(Work item)
Lines before the one containing "unnamed: U3.4 (QE), U4.5 (I5)" are left out; output the rest of the data exactly, through the final line.

Top of Data excerpts

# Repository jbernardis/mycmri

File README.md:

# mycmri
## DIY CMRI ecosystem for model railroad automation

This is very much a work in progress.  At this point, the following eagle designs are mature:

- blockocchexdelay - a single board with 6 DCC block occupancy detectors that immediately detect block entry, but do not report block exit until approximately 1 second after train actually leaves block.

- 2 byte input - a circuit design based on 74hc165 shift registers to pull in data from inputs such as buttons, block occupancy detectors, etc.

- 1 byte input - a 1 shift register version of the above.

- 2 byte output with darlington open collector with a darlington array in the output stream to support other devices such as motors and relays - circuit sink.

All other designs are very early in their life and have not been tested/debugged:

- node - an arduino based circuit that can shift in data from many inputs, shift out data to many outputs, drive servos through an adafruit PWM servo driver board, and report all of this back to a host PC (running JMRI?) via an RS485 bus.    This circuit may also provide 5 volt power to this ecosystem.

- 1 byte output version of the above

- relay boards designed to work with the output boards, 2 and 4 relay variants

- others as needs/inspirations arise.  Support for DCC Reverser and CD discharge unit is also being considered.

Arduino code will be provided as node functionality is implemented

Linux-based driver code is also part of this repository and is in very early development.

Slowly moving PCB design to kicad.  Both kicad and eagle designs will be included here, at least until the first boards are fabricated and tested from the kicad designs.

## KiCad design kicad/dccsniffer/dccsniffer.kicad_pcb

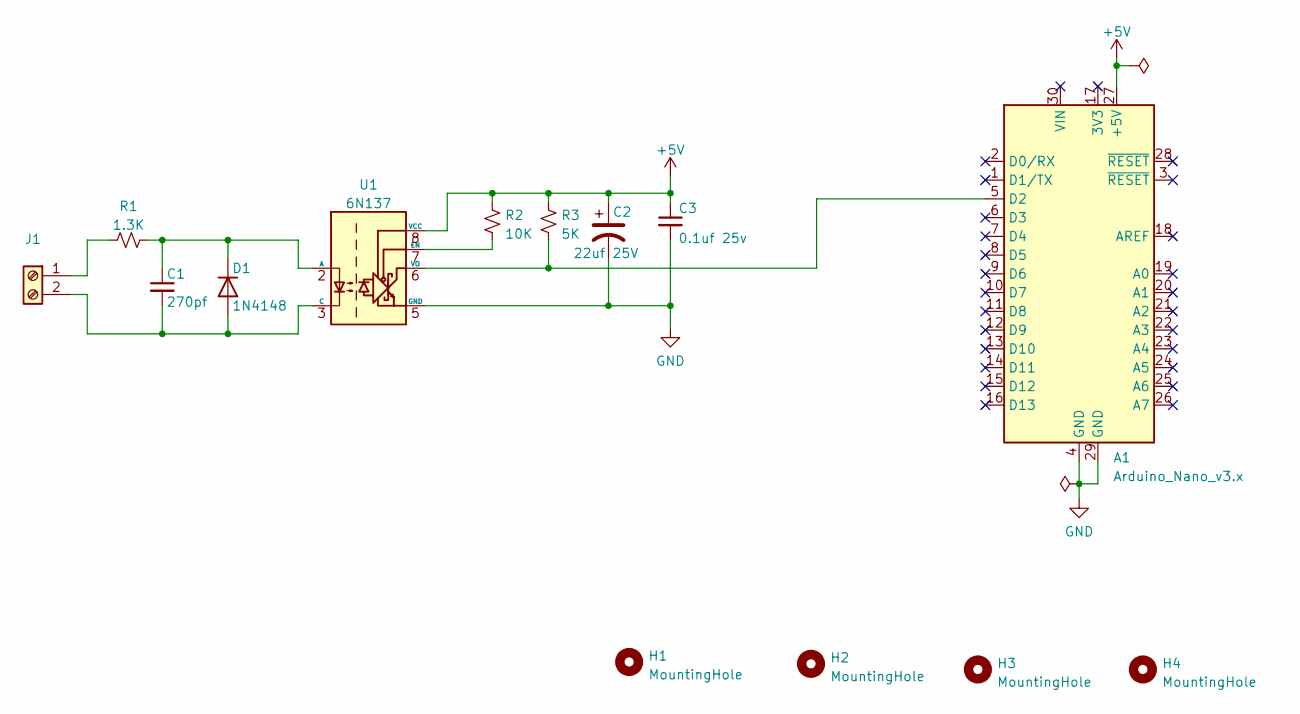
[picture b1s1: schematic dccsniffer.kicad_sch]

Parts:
A1: Arduino_Nano_v3.x; Arduino_Nano
C1: 270pf; C_Disc_D5.0mm_W2.5mm_P5.00mm
C2: 22uf 25V; CP_Radial_D5.0mm_P2.50mm
C3: 0.1uf 25v; C_Disc_D5.0mm_W2.5mm_P5.00mm
D1: 1N4148; D_DO-35_SOD27_P7.62mm_Horizontal
H1, H2, H3, H4: MountingHole; MountingHole_3.2mm_M3
J1: TerminalBlock_Phoenix_MKDS-1,5-2-5.08_1x02_P5.08mm_Horizont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
R1: 1.3K; R_Axial_DIN0309_L9.0mm_D3.2mm_P12.70mm_Horizontal
R2: 10K; R_Axial_DIN0309_L9.0mm_D3.2mm_P12.70mm_Horizontal
R3: 5K; R_Axial_DIN0309_L9.0mm_D3.2mm_P12.70mm_Horizontal
U1: 6N137; DIP-8_W7.62mm

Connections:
+5V: A1.27 (+5V), C2.1, C3.1, R2.1, R3.1, U1.8 (VCC)
GND: A1.4 (GND), A1.29 (GND), C2.2, C3.2, U1.5 (GND)
unnamed: A1.5 (D2), R3.2, U1.6 (VO)
unnamed: C1.1, D1.1 (K), R1.2, U1.2 (A)
unnamed: C1.2, D1.2 (A), J1.2, U1.3 (C)
unnamed: J1.1, R1.1
unnamed: R2.2, U1.7 (EN)

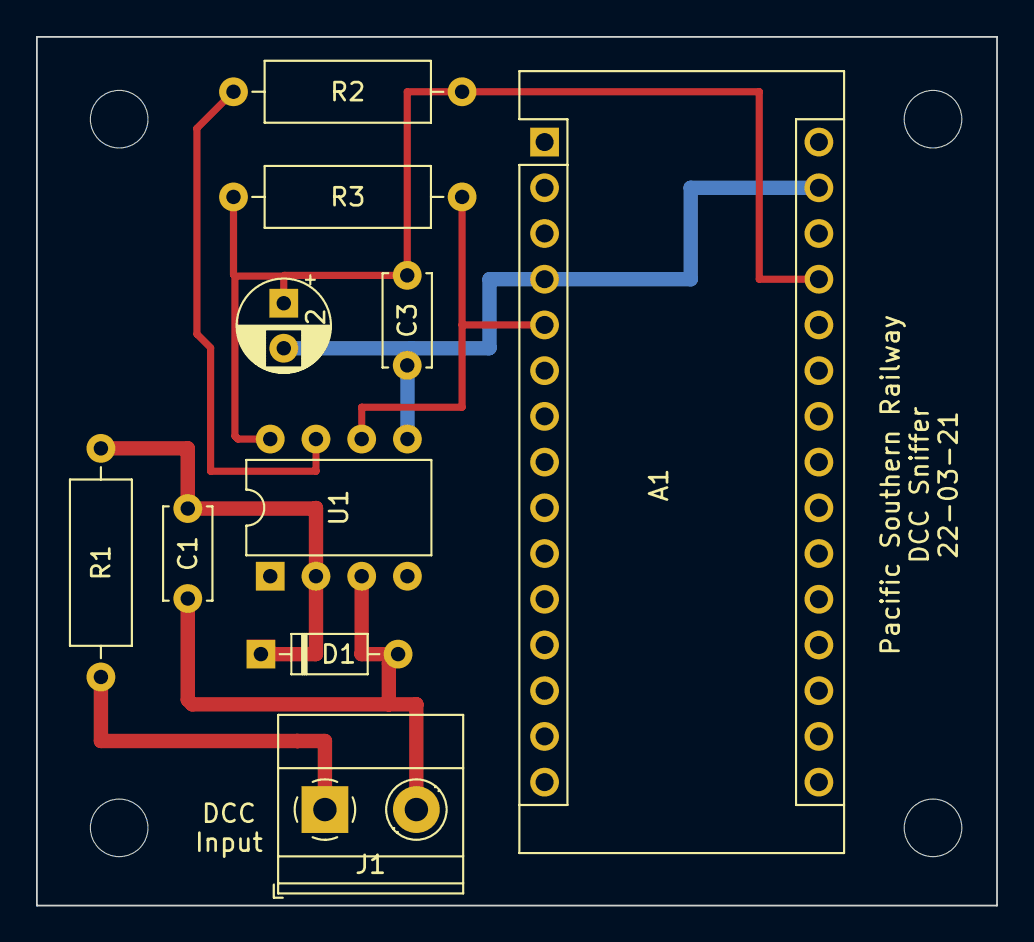
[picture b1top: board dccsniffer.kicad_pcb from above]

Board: 2 copper layers, 53.3 x 48.3 mm, 14 parts (0 on the bottom side), 7 nets.

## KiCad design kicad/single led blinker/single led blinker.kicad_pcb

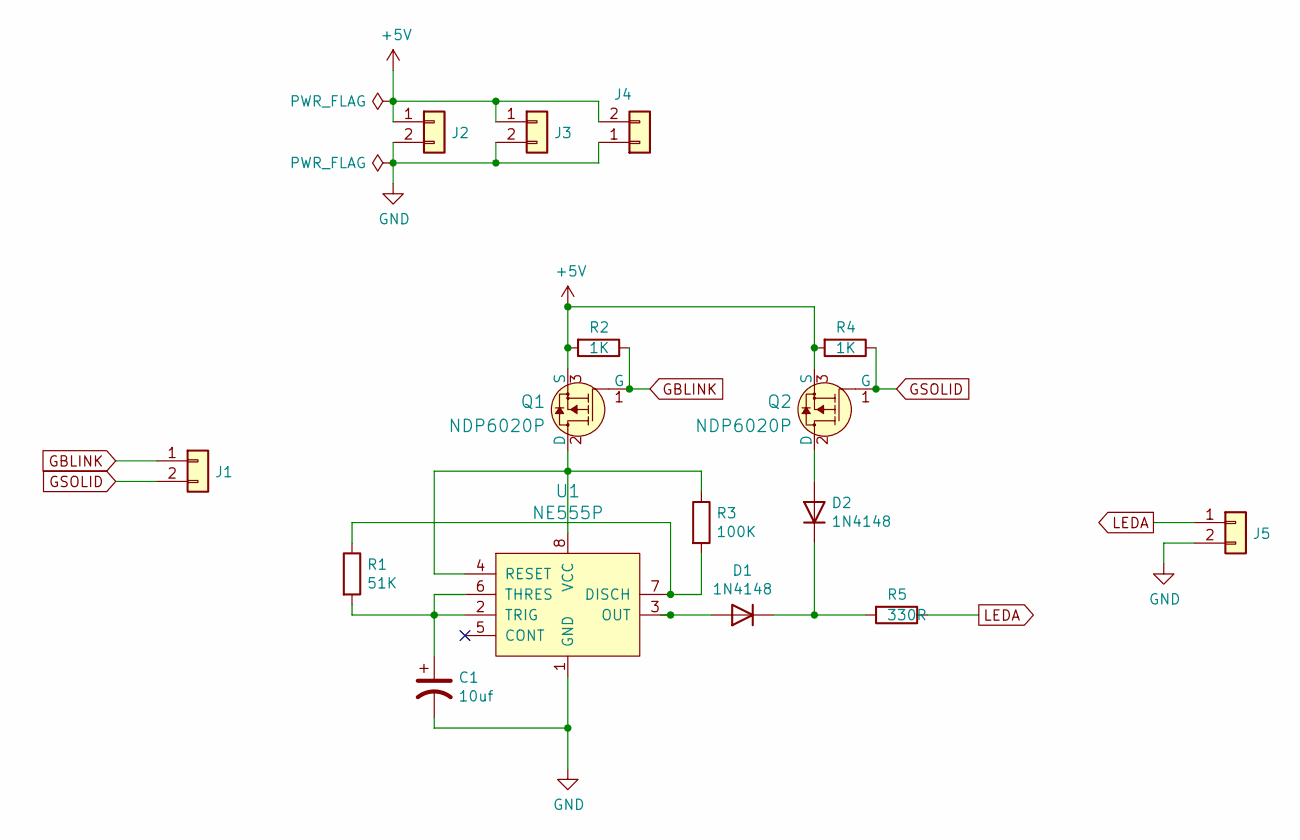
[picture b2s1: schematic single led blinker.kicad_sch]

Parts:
C1: 10uf; CP_Radial_D8.0mm_P3.50mm
D1, D2: 1N4148; D_DO-35_SOD27_P7.62mm_Horizontal
J1, J4, J5: Conn_01x02; TerminalBlock_Phoenix_MKDS-1,5-2-5.08_1x02_P5.08mm_Horizont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
J2: Conn_01x02; PinHeader_1x02_P2.54mm_Horizontal
J3: Conn_01x02; PinSocket_1x02_P2.54mm_Horizontal
Q1, Q2: NDP6020P; TO-220-3_Vertical; MPN NDP60020P; Digi-Key_PN NDP6020P-ND
R1: 51K; R_Axial_DIN0207_L6.3mm_D2.5mm_P10.16mm_Horizontal
R2, R4: 1K; R_Axial_DIN0207_L6.3mm_D2.5mm_P10.16mm_Horizontal
R3: 100K; R_Axial_DIN0207_L6.3mm_D2.5mm_P10.16mm_Horizontal
R5: 330R; R_Axial_DIN0207_L6.3mm_D2.5mm_P10.16mm_Horizontal
U1: NE555P; DIP-8_W7.62mm; MPN NE555P; Digi-Key_PN 296-1411-5-ND

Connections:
+5V: J2.1, J3.1, J4.2, Q1.3 (S), Q2.3 (S), R2.2, R4.2
GBLINK: J1.1, Q1.1 (G), R2.1
GND: C1.2, J2.2, J3.2, J4.1, J5.2, U1.1 (GND)
GSOLID: J1.2, Q2.1 (G), R4.1
LEDA: J5.1, R5.1
unnamed: C1.1, R1.2, U1.2 (TRIG), U1.6 (THRES)
unnamed: D1.1 (K), D2.1 (K), R5.2
unnamed: D1.2 (A), U1.3 (OUT)
unnamed: D2.2 (A), Q2.2 (D)
unnamed: Q1.2 (D), R3.1, U1.4 (RESET), U1.8 (VCC)
unnamed: R1.1, R3.2, U1.7 (DISCH)

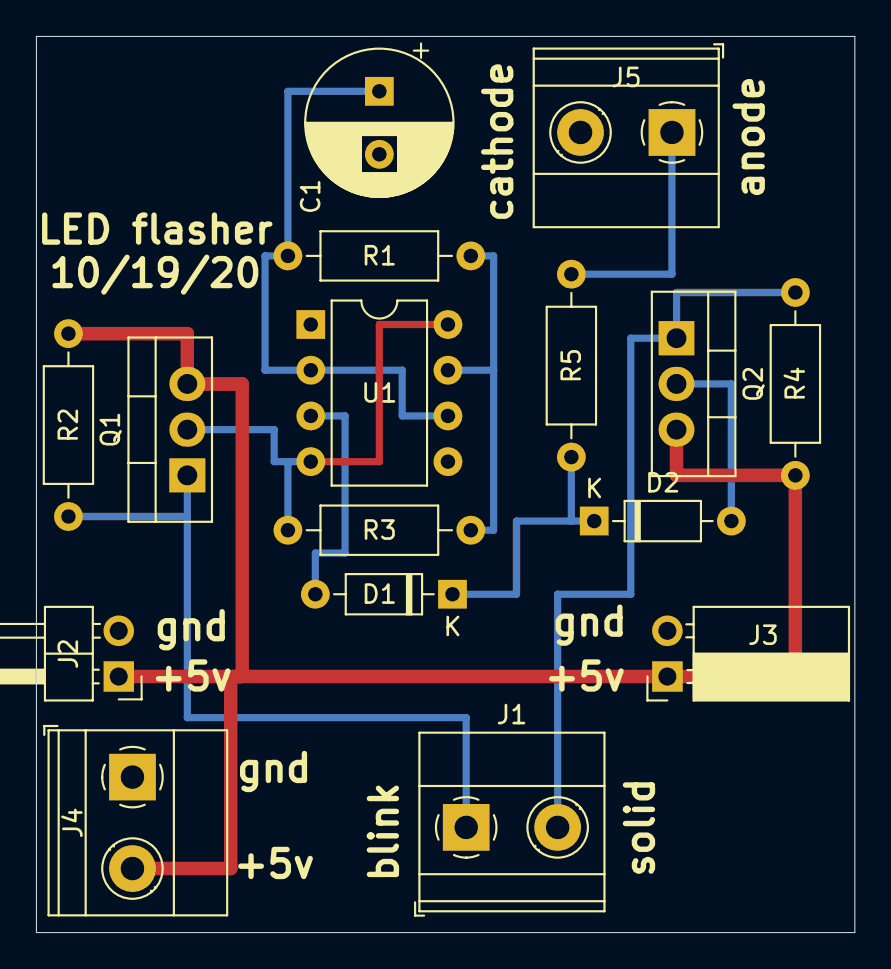
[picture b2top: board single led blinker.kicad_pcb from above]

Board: 2 copper layers, 45.5 x 49.8 mm, 16 parts (0 on the bottom side), 11 nets.

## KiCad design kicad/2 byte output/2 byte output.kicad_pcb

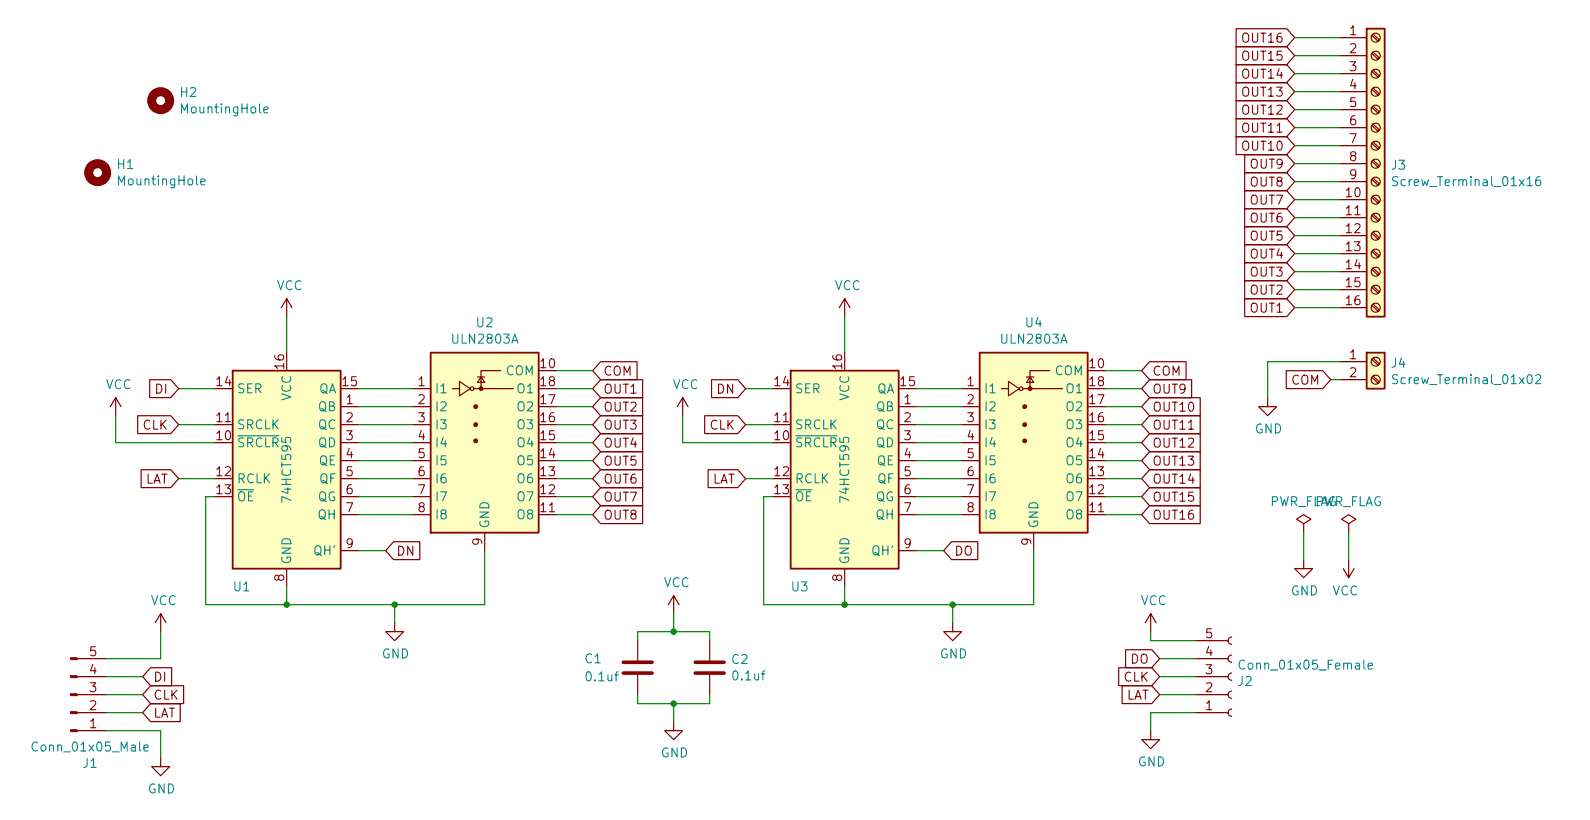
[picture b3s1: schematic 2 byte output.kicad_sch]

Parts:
C1, C2: 0.1uf; C_Disc_D3.4mm_W2.1mm_P2.50mm
H1, H2: MountingHole; MountingHole_3.2mm_M3
J1: Conn_01x05_Male; PinHeader_1x05_P2.54mm_Horizontal
J2: Conn_01x05_Female; PinSocket_1x05_P2.54mm_Horizontal
J3: Screw_Terminal_01x16; TerminalBlock_Phoenix_MKDS-1,5-16-5.08_1x16_P5.08mm_Horizon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
J4: Screw_Terminal_01x02; TerminalBlock_Phoenix_MKDS-1,5-2-5.08_1x02_P5.08mm_Horizont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
U1, U3: 74HCT595; DIP-16_W7.62mm
U2, U4: ULN2803A; DIP-18_W7.62mm

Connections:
CLK: J1.3, J2.3, U1.11 (SRCLK), U3.11 (SRCLK)
COM: J4.2, U2.10 (COM), U4.10 (COM)
DI: J1.4, U1.14 (SER)
DN: U1.9 (QH'), U3.14 (SER)
DO: J2.4, U3.9 (QH')
GND: C1.2, C2.2, J1.1, J2.1, J4.1, U1.8 (GND), U1.13 (~OE), U2.9 (GND), U3.8 (GND), U3.13 (~OE), U4.9 (GND)
LAT: J1.2, J2.2, U1.12 (RCLK), U3.12 (RCLK)
unnamed: U1.1 (QB), U2.2 (I2)
unnamed: U1.2 (QC), U2.3 (I3)
unnamed: U1.3 (QD), U2.4 (I4)
unnamed: U1.4 (QE), U2.5 (I5)
unnamed: U1.5 (QF), U2.6 (I6)
unnamed: U1.6 (QG), U2.7 (I7)
unnamed: U1.7 (QH), U2.8 (I8)
unnamed: U1.15 (QA), U2.1 (I1)
unnamed: U3.1 (QB), U4.2 (I2)
unnamed: U3.2 (QC), U4.3 (I3)
unnamed: U3.3 (QD), U4.4 (I4)
unnamed: U3.4 (QE), U4.5 (I5)
unnamed: U3.5 (QF), U4.6 (I6)
unnamed: U3.6 (QG), U4.7 (I7)
unnamed: U3.7 (QH), U4.8 (I8)
unnamed: U3.15 (QA), U4.1 (I1)
OUT1: J3.16, U2.18 (O1)
OUT2: J3.15, U2.17 (O2)
OUT3: J3.14, U2.16 (O3)
OUT4: J3.13, U2.15 (O4)
OUT5: J3.12, U2.14 (O5)
OUT6: J3.11, U2.13 (O6)
OUT7: J3.10, U2.12 (O7)
OUT8: J3.9, U2.11 (O8)
OUT9: J3.8, U4.18 (O1)
OUT10: J3.7, U4.17 (O2)
OUT11: J3.6, U4.16 (O3)
OUT12: J3.5, U4.15 (O4)
OUT13: J3.4, U4.14 (O5)
OUT14: J3.3, U4.13 (O6)
OUT15: J3.2, U4.12 (O7)
OUT16: J3.1, U4.11 (O8)
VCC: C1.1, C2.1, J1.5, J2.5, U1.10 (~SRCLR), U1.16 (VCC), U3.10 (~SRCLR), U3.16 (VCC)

Bottom of Data excerpts

(Answer section)
unnamed: U3.4 (QE), U4.5 (I5)
unnamed: U3.5 (QF), U4.6 (I6)
unnamed: U3.6 (QG), U4.7 (I7)
unnamed: U3.7 (QH), U4.8 (I8)
unnamed: U3.15 (QA), U4.1 (I1)
OUT1: J3.16, U2.18 (O1)
OUT2: J3.15, U2.17 (O2)
OUT3: J3.14, U2.16 (O3)
OUT4: J3.13, U2.15 (O4)
OUT5: J3.12, U2.14 (O5)
OUT6: J3.11, U2.13 (O6)
OUT7: J3.10, U2.12 (O7)
OUT8: J3.9, U2.11 (O8)
OUT9: J3.8, U4.18 (O1)
OUT10: J3.7, U4.17 (O2)
OUT11: J3.6, U4.16 (O3)
OUT12: J3.5, U4.15 (O4)
OUT13: J3.4, U4.14 (O5)
OUT14: J3.3, U4.13 (O6)
OUT15: J3.2, U4.12 (O7)
OUT16: J3.1, U4.11 (O8)
VCC: C1.1, C2.1, J1.5, J2.5, U1.10 (~SRCLR), U1.16 (VCC), U3.10 (~SRCLR), U3.16 (VCC)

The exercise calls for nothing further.